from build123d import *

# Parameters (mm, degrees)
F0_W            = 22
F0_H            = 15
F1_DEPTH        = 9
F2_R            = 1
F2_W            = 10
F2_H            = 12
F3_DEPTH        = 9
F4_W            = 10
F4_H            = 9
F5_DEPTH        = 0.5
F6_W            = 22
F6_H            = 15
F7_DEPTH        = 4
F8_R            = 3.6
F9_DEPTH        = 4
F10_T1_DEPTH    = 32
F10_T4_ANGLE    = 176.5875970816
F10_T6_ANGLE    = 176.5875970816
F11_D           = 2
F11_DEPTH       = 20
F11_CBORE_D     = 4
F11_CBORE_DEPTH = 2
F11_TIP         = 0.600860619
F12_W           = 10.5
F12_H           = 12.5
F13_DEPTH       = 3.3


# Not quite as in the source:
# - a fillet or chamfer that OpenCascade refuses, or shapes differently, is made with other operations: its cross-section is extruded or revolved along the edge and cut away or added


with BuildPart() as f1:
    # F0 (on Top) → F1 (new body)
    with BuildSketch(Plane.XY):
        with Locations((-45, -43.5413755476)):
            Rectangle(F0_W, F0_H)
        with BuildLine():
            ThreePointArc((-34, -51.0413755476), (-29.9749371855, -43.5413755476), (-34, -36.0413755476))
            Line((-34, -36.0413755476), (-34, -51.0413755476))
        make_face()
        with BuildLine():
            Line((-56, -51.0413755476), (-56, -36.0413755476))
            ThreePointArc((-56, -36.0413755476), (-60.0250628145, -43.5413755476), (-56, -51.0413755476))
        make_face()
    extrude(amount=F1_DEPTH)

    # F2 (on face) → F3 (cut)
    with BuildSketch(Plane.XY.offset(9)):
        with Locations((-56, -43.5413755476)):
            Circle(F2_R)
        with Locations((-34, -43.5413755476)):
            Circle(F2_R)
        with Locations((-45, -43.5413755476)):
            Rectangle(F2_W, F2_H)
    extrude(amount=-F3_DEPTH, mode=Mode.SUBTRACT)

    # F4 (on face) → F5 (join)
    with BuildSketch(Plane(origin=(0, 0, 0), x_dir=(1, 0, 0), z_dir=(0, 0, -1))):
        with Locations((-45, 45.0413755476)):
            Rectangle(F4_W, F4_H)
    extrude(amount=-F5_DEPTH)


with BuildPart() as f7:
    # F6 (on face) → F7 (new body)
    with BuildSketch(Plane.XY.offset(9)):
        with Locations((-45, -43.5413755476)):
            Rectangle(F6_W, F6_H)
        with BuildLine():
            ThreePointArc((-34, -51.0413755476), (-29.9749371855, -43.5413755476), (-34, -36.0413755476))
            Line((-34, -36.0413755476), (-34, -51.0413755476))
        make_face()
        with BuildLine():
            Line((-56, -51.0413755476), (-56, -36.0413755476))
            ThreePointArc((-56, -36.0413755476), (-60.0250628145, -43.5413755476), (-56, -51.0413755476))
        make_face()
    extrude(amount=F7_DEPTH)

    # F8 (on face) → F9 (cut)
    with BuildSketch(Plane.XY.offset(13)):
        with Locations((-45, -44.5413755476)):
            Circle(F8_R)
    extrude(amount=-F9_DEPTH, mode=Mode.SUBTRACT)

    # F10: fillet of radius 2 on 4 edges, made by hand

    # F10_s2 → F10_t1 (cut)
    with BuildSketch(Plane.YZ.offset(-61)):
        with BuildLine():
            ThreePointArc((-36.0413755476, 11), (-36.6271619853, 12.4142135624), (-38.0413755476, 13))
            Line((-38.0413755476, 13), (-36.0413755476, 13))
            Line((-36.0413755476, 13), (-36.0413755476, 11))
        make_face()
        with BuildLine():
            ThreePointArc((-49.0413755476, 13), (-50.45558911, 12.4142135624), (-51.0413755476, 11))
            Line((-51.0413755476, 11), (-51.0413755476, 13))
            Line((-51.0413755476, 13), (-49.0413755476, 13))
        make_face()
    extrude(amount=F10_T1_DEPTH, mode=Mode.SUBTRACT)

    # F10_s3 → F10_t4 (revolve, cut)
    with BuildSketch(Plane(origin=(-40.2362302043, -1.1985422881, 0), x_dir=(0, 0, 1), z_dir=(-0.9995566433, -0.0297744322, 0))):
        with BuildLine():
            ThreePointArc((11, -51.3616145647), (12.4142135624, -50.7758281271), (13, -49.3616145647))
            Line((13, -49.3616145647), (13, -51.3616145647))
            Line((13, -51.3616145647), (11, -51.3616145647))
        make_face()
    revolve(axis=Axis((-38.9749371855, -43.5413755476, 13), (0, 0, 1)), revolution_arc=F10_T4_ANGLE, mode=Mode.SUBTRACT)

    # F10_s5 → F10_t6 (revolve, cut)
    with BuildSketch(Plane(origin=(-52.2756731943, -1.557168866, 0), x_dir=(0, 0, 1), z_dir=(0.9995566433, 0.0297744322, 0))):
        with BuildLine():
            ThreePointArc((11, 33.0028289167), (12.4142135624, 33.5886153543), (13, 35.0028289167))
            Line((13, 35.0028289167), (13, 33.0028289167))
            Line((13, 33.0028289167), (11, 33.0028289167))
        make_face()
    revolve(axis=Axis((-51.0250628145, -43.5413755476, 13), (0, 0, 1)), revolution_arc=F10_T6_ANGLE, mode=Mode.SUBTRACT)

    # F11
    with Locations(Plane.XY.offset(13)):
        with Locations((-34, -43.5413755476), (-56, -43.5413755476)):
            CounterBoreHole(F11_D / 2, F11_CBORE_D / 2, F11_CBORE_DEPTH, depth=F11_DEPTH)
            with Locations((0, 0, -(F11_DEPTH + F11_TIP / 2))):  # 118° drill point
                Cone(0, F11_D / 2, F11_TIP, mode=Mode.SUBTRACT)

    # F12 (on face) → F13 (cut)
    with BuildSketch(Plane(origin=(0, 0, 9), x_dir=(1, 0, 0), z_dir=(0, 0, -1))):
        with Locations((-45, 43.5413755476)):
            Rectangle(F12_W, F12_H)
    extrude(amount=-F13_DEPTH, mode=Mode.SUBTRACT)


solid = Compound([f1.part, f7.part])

━━━━━━━━━━

== EXERCISE INSTRUCTIONS ==
Working from the material above, reproduce it in full and unchanged.

== RESPONSE BELOW ==
from build123d import *

# Parameters (mm, degrees)
F0_W            = 22
F0_H            = 15
F1_DEPTH        = 9
F2_R            = 1
F2_W            = 10
F2_H            = 12
F3_DEPTH        = 9
F4_W            = 10
F4_H            = 9
F5_DEPTH        = 0.5
F6_W            = 22
F6_H            = 15
F7_DEPTH        = 4
F8_R            = 3.6
F9_DEPTH        = 4
F10_T1_DEPTH    = 32
F10_T4_ANGLE    = 176.5875970816
F10_T6_ANGLE    = 176.5875970816
F11_D           = 2
F11_DEPTH       = 20
F11_CBORE_D     = 4
F11_CBORE_DEPTH = 2
F11_TIP         = 0.600860619
F12_W           = 10.5
F12_H           = 12.5
F13_DEPTH       = 3.3


# Not quite as in the source:
# - a fillet or chamfer that OpenCascade refuses, or shapes differently, is made with other operations: its cross-section is extruded or revolved along the edge and cut away or added


with BuildPart() as f1:
    # F0 (on Top) → F1 (new body)
    with BuildSketch(Plane.XY):
        with Locations((-45, -43.5413755476)):
            Rectangle(F0_W, F0_H)
        with BuildLine():
            ThreePointArc((-34, -51.0413755476), (-29.9749371855, -43.5413755476), (-34, -36.0413755476))
            Line((-34, -36.0413755476), (-34, -51.0413755476))
        make_face()
        with BuildLine():
            Line((-56, -51.0413755476), (-56, -36.0413755476))
            ThreePointArc((-56, -36.0413755476), (-60.0250628145, -43.5413755476), (-56, -51.0413755476))
        make_face()
    extrude(amount=F1_DEPTH)

    # F2 (on face) → F3 (cut)
    with BuildSketch(Plane.XY.offset(9)):
        with Locations((-56, -43.5413755476)):
            Circle(F2_R)
        with Locations((-34, -43.5413755476)):
            Circle(F2_R)
        with Locations((-45, -43.5413755476)):
            Rectangle(F2_W, F2_H)
    extrude(amount=-F3_DEPTH, mode=Mode.SUBTRACT)

    # F4 (on face) → F5 (join)
    with BuildSketch(Plane(origin=(0, 0, 0), x_dir=(1, 0, 0), z_dir=(0, 0, -1))):
        with Locations((-45, 45.0413755476)):
            Rectangle(F4_W, F4_H)
    extrude(amount=-F5_DEPTH)


with BuildPart() as f7:
    # F6 (on face) → F7 (new body)
    with BuildSketch(Plane.XY.offset(9)):
        with Locations((-45, -43.5413755476)):
            Rectangle(F6_W, F6_H)
        with BuildLine():
            ThreePointArc((-34, -51.0413755476), (-29.9749371855, -43.5413755476), (-34, -36.0413755476))
            Line((-34, -36.0413755476), (-34, -51.0413755476))
        make_face()
        with BuildLine():
            Line((-56, -51.0413755476), (-56, -36.0413755476))
            ThreePointArc((-56, -36.0413755476), (-60.0250628145, -43.5413755476), (-56, -51.0413755476))
        make_face()
    extrude(amount=F7_DEPTH)

    # F8 (on face) → F9 (cut)
    with BuildSketch(Plane.XY.offset(13)):
        with Locations((-45, -44.5413755476)):
            Circle(F8_R)
    extrude(amount=-F9_DEPTH, mode=Mode.SUBTRACT)

    # F10: fillet of radius 2 on 4 edges, made by hand

    # F10_s2 → F10_t1 (cut)
    with BuildSketch(Plane.YZ.offset(-61)):
        with BuildLine():
            ThreePointArc((-36.0413755476, 11), (-36.6271619853, 12.4142135624), (-38.0413755476, 13))
            Line((-38.0413755476, 13), (-36.0413755476, 13))
            Line((-36.0413755476, 13), (-36.0413755476, 11))
        make_face()
        with BuildLine():
            ThreePointArc((-49.0413755476, 13), (-50.45558911, 12.4142135624), (-51.0413755476, 11))
            Line((-51.0413755476, 11), (-51.0413755476, 13))
            Line((-51.0413755476, 13), (-49.0413755476, 13))
        make_face()
    extrude(amount=F10_T1_DEPTH, mode=Mode.SUBTRACT)

    # F10_s3 → F10_t4 (revolve, cut)
    with BuildSketch(Plane(origin=(-40.2362302043, -1.1985422881, 0), x_dir=(0, 0, 1), z_dir=(-0.9995566433, -0.0297744322, 0))):
        with BuildLine():
            ThreePointArc((11, -51.3616145647), (12.4142135624, -50.7758281271), (13, -49.3616145647))
            Line((13, -49.3616145647), (13, -51.3616145647))
            Line((13, -51.3616145647), (11, -51.3616145647))
        make_face()
    revolve(axis=Axis((-38.9749371855, -43.5413755476, 13), (0, 0, 1)), revolution_arc=F10_T4_ANGLE, mode=Mode.SUBTRACT)

    # F10_s5 → F10_t6 (revolve, cut)
    with BuildSketch(Plane(origin=(-52.2756731943, -1.557168866, 0), x_dir=(0, 0, 1), z_dir=(0.9995566433, 0.0297744322, 0))):
        with BuildLine():
            ThreePointArc((11, 33.0028289167), (12.4142135624, 33.5886153543), (13, 35.0028289167))
            Line((13, 35.0028289167), (13, 33.0028289167))
            Line((13, 33.0028289167), (11, 33.0028289167))
        make_face()
    revolve(axis=Axis((-51.0250628145, -43.5413755476, 13), (0, 0, 1)), revolution_arc=F10_T6_ANGLE, mode=Mode.SUBTRACT)

    # F11
    with Locations(Plane.XY.offset(13)):
        with Locations((-34, -43.5413755476), (-56, -43.5413755476)):
            CounterBoreHole(F11_D / 2, F11_CBORE_D / 2, F11_CBORE_DEPTH, depth=F11_DEPTH)
            with Locations((0, 0, -(F11_DEPTH + F11_TIP / 2))):  # 118° drill point
                Cone(0, F11_D / 2, F11_TIP, mode=Mode.SUBTRACT)

    # F12 (on face) → F13 (cut)
    with BuildSketch(Plane(origin=(0, 0, 9), x_dir=(1, 0, 0), z_dir=(0, 0, -1))):
        with Locations((-45, 43.5413755476)):
            Rectangle(F12_W, F12_H)
    extrude(amount=-F13_DEPTH, mode=Mode.SUBTRACT)


solid = Compound([f1.part, f7.part])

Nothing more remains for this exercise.